__DESCRIPTION OF THE TASK__
In the records below, find the line containing "HydroForces : Inport". Restate it and all the lines after it exactly, and omit the rest.

__RECORDED INFORMATION__
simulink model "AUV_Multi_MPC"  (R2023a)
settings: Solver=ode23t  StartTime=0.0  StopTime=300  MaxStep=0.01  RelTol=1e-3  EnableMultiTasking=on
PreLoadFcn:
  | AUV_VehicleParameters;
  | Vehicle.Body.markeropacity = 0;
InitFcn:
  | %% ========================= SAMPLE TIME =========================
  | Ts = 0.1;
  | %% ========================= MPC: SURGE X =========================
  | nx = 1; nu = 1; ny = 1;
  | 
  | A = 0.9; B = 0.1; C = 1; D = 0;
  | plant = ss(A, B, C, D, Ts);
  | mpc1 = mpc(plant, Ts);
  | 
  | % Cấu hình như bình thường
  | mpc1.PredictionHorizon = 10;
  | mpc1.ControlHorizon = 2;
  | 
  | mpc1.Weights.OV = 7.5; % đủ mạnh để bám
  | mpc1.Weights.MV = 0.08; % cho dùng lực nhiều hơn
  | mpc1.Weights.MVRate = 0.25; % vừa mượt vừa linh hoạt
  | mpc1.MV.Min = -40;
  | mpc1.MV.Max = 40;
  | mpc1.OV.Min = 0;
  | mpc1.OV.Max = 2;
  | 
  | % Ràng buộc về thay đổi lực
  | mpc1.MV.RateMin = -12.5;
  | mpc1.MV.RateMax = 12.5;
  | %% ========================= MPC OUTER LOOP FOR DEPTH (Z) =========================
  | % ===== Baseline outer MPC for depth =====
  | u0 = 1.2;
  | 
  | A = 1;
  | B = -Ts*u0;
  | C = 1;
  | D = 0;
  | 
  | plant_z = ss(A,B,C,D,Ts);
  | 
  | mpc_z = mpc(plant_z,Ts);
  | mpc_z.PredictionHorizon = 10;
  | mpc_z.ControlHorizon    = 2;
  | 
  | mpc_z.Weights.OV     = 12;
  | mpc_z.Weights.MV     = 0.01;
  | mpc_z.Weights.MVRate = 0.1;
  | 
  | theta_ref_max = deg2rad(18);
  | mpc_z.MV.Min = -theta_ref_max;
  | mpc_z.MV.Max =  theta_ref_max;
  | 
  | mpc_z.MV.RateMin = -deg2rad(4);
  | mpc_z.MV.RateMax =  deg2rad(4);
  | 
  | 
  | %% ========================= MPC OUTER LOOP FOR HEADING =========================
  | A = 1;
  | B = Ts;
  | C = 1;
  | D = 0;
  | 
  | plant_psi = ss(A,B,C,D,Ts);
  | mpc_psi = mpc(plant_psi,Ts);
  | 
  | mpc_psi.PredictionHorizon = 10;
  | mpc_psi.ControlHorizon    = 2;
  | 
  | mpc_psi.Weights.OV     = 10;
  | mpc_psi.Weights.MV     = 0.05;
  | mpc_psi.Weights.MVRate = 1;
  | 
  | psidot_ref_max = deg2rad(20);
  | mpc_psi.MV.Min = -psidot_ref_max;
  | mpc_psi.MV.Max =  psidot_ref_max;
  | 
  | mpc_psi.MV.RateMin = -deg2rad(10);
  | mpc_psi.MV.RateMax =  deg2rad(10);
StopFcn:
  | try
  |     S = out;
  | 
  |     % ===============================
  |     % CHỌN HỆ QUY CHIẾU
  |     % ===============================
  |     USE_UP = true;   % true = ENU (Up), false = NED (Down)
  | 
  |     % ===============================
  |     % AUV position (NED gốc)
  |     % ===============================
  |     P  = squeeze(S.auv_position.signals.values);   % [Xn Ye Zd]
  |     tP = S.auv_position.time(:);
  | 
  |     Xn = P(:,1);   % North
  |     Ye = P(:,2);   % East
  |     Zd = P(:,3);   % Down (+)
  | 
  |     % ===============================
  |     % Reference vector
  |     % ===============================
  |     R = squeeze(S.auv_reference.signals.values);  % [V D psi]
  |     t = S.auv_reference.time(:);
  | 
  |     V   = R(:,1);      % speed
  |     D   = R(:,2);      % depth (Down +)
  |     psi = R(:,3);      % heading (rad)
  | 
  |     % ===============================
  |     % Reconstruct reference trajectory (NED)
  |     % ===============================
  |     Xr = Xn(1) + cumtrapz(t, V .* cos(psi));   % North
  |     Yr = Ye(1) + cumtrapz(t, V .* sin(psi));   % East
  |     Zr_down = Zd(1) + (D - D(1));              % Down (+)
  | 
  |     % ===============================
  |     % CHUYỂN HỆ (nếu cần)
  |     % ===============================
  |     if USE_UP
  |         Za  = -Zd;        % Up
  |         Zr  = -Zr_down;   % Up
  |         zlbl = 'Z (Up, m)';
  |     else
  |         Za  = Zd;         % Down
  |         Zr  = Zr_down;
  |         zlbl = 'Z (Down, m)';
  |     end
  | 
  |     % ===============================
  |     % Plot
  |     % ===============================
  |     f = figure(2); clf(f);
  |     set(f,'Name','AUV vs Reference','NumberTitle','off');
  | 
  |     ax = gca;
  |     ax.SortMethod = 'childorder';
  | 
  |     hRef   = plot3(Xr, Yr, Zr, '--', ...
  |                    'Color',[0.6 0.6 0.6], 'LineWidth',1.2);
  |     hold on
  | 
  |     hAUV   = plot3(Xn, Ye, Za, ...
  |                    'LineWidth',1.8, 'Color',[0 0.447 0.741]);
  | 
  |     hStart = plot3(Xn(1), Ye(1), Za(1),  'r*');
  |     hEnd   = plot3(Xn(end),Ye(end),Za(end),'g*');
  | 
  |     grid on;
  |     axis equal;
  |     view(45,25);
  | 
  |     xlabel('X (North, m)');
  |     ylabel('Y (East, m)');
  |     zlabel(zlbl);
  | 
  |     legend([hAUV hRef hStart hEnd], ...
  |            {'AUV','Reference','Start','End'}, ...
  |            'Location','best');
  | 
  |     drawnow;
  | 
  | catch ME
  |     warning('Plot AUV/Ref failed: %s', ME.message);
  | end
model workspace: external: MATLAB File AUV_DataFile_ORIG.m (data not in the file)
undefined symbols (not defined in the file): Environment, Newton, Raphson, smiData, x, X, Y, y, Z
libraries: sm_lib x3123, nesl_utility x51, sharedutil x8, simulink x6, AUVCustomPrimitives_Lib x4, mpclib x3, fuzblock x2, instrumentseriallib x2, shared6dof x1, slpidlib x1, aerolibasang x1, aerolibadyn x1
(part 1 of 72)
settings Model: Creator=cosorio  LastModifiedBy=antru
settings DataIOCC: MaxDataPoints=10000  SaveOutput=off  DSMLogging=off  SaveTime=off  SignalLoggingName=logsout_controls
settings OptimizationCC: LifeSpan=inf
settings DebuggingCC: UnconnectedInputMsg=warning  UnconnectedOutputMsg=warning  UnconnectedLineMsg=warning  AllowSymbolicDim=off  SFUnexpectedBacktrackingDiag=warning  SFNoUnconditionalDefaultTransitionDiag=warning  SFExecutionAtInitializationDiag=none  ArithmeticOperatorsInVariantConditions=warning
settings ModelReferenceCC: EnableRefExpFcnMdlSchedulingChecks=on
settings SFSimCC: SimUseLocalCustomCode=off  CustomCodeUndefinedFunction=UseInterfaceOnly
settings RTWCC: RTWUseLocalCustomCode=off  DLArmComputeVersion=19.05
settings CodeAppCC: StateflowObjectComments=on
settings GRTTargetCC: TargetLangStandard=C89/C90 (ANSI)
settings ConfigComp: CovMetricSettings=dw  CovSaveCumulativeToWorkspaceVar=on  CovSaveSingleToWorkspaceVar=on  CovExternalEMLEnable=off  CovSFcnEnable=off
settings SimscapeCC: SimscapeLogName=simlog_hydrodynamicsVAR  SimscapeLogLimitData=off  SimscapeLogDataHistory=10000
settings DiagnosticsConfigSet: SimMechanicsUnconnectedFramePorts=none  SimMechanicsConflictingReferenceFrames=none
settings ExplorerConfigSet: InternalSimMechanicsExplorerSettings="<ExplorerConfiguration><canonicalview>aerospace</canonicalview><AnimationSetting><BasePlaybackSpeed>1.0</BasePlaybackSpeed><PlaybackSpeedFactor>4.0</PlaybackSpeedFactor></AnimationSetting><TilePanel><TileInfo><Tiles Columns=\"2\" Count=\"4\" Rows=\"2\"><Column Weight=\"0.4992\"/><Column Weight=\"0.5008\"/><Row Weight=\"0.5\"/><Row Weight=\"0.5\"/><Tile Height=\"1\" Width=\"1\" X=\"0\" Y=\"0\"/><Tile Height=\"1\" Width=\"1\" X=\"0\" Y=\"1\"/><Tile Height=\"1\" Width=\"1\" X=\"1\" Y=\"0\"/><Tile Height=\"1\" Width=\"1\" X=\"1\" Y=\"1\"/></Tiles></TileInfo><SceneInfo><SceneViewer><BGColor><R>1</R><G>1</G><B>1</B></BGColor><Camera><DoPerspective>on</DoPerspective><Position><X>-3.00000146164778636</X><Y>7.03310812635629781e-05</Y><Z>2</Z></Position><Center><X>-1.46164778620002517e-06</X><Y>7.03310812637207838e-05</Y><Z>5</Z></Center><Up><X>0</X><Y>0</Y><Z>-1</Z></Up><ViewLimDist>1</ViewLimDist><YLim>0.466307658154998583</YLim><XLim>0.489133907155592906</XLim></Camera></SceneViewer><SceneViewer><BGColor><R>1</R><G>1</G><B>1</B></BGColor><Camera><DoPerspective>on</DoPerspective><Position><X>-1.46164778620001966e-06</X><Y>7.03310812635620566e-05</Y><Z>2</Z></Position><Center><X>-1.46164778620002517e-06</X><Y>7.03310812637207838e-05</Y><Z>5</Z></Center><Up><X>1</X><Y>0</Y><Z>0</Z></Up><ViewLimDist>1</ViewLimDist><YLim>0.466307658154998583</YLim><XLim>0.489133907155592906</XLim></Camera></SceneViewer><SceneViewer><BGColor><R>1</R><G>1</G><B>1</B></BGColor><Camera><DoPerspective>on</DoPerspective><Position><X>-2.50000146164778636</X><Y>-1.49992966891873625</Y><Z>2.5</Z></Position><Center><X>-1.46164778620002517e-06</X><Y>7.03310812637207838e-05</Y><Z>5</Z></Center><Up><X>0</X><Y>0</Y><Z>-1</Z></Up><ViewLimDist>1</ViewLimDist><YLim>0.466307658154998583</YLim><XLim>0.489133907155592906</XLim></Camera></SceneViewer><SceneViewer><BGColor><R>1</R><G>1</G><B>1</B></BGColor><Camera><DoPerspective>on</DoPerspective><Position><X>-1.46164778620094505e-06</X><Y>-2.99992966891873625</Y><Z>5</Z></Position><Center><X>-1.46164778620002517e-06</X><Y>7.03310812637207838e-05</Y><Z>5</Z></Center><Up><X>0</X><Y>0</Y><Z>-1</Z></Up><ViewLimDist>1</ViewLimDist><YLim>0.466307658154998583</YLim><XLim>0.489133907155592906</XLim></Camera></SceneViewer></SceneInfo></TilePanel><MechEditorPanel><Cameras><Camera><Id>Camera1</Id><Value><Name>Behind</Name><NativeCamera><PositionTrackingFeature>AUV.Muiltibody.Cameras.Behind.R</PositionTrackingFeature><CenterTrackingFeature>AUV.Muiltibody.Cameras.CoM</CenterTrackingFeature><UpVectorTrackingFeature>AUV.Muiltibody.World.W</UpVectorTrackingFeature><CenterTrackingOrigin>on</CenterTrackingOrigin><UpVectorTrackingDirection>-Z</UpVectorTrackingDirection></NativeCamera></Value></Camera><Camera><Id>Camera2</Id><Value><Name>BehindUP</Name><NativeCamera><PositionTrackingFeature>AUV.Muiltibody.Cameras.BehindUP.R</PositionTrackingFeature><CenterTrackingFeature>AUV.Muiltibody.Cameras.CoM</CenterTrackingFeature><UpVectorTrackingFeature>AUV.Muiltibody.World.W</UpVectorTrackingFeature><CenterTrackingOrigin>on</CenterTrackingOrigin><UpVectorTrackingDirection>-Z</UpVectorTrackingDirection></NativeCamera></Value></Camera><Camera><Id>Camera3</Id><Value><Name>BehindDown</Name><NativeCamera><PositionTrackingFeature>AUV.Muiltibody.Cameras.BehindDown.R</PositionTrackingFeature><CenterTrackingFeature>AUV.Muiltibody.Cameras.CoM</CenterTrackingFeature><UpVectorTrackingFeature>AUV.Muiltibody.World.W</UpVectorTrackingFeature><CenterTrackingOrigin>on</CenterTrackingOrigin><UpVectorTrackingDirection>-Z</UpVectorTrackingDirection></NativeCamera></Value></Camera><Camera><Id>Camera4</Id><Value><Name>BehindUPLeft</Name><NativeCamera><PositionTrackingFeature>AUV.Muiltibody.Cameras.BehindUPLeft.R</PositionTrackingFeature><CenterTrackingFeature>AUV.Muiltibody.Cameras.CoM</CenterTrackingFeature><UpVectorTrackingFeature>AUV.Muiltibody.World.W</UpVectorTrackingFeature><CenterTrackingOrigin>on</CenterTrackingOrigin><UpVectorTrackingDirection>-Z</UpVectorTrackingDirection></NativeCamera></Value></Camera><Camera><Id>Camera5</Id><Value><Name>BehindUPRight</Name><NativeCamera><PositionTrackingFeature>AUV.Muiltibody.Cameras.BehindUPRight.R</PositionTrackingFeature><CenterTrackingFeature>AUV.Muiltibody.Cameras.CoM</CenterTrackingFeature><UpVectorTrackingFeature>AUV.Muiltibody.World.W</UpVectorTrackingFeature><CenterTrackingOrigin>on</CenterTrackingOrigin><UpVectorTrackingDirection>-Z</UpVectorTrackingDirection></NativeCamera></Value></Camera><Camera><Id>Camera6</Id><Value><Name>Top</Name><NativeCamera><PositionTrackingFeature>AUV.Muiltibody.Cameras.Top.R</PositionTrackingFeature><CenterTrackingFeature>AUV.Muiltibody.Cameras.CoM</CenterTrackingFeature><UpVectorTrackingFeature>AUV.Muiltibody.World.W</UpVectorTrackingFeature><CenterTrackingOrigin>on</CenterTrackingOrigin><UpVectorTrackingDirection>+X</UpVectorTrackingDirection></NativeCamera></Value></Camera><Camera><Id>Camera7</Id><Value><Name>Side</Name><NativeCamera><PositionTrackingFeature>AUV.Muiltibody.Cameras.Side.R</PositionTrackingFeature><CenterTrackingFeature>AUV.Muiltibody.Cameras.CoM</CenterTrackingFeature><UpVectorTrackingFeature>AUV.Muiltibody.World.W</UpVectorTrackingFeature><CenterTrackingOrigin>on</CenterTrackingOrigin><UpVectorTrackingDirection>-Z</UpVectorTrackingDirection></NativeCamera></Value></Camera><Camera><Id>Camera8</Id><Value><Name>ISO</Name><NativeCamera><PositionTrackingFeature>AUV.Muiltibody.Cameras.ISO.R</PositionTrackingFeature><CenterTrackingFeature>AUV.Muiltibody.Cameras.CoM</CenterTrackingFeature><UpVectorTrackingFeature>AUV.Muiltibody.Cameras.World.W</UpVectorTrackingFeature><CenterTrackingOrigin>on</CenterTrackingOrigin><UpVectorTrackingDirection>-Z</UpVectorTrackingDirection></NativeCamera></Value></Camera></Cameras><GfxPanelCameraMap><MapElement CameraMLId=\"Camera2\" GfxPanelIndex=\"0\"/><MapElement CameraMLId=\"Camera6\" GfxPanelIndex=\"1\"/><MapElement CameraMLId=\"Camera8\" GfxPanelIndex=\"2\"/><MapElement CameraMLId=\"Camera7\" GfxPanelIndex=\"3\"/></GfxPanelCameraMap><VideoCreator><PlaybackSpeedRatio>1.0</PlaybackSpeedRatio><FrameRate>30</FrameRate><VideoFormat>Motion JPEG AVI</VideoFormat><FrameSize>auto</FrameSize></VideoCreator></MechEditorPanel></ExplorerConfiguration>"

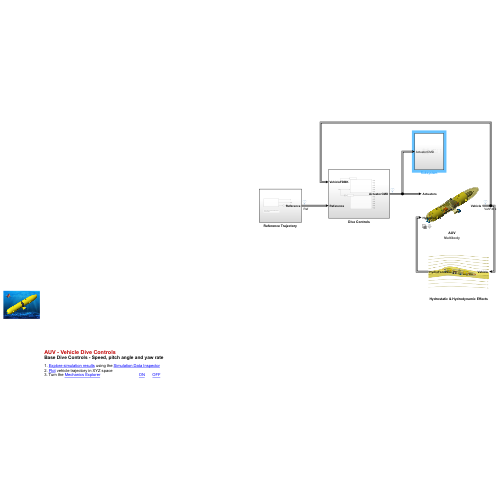
[thumbnail: Simulink's stored preview of the top-level diagram]
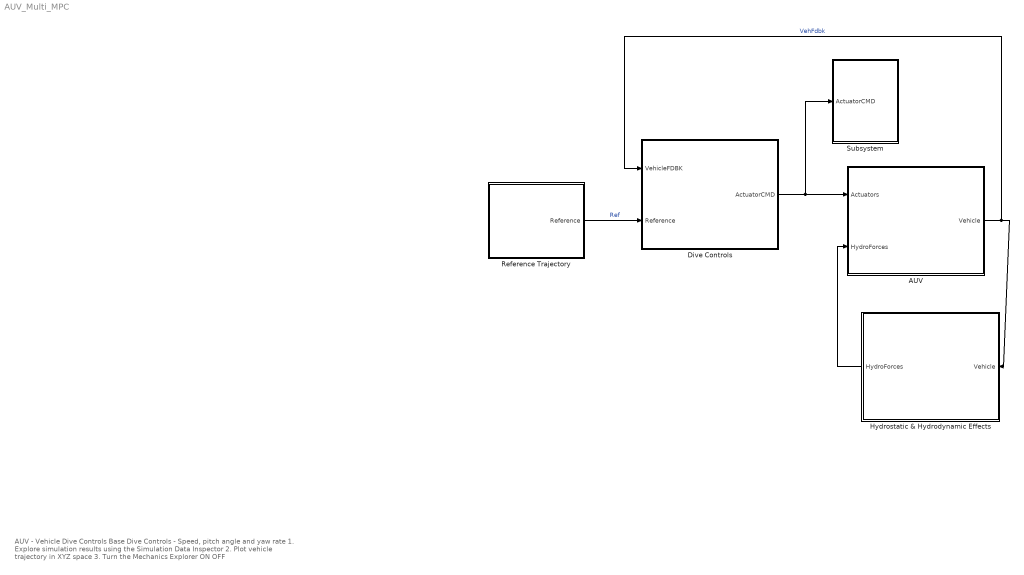
== system AUV_Multi_MPC ==
  note: AUV - Vehicle Dive Controls
      | Base Dive Controls - Speed, pitch angle and yaw rate
      |
      | 1. Explore simulation results using the Simulation Data Inspector
      | 2. Plot vehicle trajectory in XYZ space
      | 3. Turn the Mechanics Explorer ON OFF
  AUV : Subsystem  Variant=on  VariantControlMode=label  VariantControl=Choice  LabelModeActiveChoice=Multibody  mask(AUV){VariantLabel=Multibody}
      mask prompts: VariantLabel "Select Variant:"
      mask help:
      | These block contains two variant implementations of the equations of motion for the rigid body dynamics of the underwater vehicle:
      | Multibody Variant  : implements the dynamics using CAD files and Simscape Multibody
      | Singlebody Variant : implements the dynamics using the 6-DoF block from Aerospace Blockset
      mask init:
      | % Set active variant choice for this block
      | if VariantLabel == 1
      |     ActiveChoice = 'Multibody';
      | else
      |     ActiveChoice = 'Singlebody';
      | end
      | 
      | set_param(gcb,'LabelModeActiveChoice',ActiveChoice);
      settings: AttributesFormatString=%<LabelModeActiveChoice>
      mask TypeOptions VariantLabel: Multibody | Singlebody
      mask Display:
      | blk = find_system(gcbh, 'LookUnderMasks', 'all', 'SearchDepth', 1,'FollowLinks','on', 'Parent', gcb,'VariantObject', get_param(gcb,'activevariant'));
      | eval(get_param(blk, 'MaskDisplay'));
  Dive Controls : Subsystem
  Hydrostatic & Hydrodynamic Effects : Subsystem
      mask Display: image('Drag.png',[0,0.15,1,0.7])
  Reference Trajectory : Subsystem
  Subsystem : Subsystem
  wires:
  Reference Trajectory/1(Reference) -> Dive Controls/2(Reference)  "Ref"
  Hydrostatic & Hydrodynamic Effects/1(HydroForces) -> AUV/2(HydroForces)
  AUV/1(Vehicle) -> Dive Controls/1(VehicleFDBK), Hydrostatic & Hydrodynamic Effects/1(Vehicle)  "VehFdbk"
  Dive Controls/1(ActuatorCMD) -> Subsystem/1(ActuatorCMD), AUV/1(Actuators)

== system AUV_Multi_MPC/AUV ==
  Actuators : Inport
  HydroForces : Inport  Port=2
  Muiltibody : Subsystem  VariantControl=Multibody
      mask Display: image('AUV.png',[0.05,0,0.9,1])
  Singlebody : Subsystem  VariantControl=Singlebody
      mask Display: image('AUVEllipsoid.png',[0.05,0,0.9,1])
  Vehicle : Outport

__RESULT OF THE TASK__
  HydroForces : Inport  Port=2
  Muiltibody : Subsystem  VariantControl=Multibody
      mask Display: image('AUV.png',[0.05,0,0.9,1])
  Singlebody : Subsystem  VariantControl=Singlebody
      mask Display: image('AUVEllipsoid.png',[0.05,0,0.9,1])
  Vehicle : Outport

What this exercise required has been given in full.